What needs to be done
Gather each line of the entries below that includes "VariableName".

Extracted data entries
----------------

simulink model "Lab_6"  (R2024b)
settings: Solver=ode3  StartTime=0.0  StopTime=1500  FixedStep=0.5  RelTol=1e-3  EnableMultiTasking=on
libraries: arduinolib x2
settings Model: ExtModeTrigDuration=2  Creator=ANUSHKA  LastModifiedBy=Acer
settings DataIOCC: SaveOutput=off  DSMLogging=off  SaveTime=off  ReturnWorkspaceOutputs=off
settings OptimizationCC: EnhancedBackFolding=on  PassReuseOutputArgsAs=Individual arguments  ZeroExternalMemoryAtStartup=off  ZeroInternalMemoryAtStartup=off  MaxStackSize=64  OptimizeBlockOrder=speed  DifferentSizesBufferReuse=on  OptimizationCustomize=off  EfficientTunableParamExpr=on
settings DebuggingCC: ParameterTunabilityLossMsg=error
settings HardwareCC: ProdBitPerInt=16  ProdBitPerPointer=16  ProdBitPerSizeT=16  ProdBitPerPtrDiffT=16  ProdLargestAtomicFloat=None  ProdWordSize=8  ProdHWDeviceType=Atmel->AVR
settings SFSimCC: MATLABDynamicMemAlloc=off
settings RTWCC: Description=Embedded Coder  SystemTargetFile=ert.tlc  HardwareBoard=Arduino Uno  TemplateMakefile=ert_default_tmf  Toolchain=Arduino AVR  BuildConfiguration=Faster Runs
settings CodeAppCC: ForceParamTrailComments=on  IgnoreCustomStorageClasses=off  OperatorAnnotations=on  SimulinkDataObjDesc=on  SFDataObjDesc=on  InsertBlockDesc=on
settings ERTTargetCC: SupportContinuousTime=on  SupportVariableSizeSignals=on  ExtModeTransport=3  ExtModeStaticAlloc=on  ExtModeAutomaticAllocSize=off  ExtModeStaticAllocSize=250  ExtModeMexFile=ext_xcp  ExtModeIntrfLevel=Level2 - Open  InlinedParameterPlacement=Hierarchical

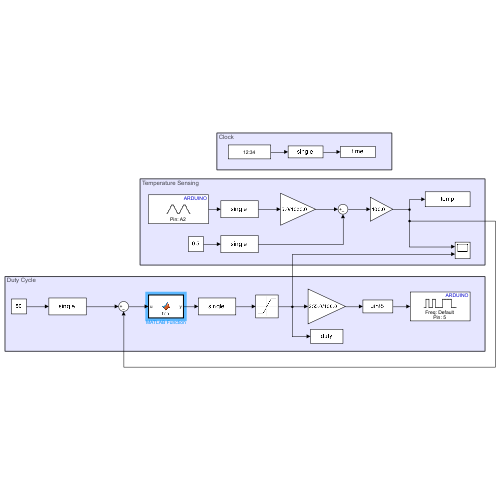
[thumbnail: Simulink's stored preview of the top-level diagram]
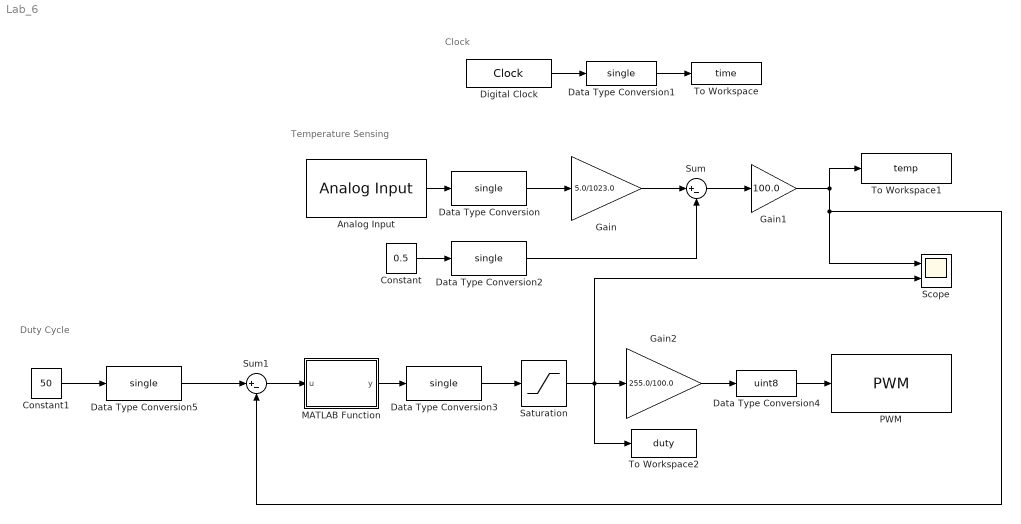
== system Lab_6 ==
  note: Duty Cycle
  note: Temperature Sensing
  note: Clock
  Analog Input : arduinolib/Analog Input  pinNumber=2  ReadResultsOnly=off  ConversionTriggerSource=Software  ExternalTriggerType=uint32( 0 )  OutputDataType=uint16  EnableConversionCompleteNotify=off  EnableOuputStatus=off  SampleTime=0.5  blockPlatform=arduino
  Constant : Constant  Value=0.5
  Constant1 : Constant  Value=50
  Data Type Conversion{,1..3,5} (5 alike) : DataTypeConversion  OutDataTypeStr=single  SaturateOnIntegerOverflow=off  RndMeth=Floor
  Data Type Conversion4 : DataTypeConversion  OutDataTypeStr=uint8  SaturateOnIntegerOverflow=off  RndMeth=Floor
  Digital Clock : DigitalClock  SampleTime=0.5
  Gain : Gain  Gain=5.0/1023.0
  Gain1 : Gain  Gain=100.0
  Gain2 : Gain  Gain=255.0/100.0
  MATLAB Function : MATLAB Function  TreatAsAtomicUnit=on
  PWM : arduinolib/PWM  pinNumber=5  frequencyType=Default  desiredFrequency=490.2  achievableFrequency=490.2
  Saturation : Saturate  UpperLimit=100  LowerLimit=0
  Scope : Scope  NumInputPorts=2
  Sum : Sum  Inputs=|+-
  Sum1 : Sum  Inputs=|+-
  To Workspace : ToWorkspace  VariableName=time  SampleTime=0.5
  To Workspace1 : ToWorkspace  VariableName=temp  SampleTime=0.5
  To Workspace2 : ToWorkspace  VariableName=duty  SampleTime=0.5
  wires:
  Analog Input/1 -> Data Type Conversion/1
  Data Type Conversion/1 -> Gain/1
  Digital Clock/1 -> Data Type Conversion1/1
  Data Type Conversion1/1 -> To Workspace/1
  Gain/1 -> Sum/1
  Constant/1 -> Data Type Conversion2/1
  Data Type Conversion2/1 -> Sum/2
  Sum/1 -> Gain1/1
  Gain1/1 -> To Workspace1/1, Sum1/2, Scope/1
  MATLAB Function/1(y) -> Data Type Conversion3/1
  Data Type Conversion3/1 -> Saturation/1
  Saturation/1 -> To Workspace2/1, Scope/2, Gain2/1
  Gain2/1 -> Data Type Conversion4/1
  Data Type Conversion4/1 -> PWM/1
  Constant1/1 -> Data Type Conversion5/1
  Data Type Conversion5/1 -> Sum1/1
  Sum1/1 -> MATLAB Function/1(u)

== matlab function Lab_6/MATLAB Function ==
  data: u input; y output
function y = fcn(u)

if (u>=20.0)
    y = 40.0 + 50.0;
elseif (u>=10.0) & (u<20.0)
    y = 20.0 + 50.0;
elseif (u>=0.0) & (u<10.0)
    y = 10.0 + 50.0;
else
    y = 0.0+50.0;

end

----------------

Solution
  To Workspace : ToWorkspace  VariableName=time  SampleTime=0.5
  To Workspace1 : ToWorkspace  VariableName=temp  SampleTime=0.5
  To Workspace2 : ToWorkspace  VariableName=duty  SampleTime=0.5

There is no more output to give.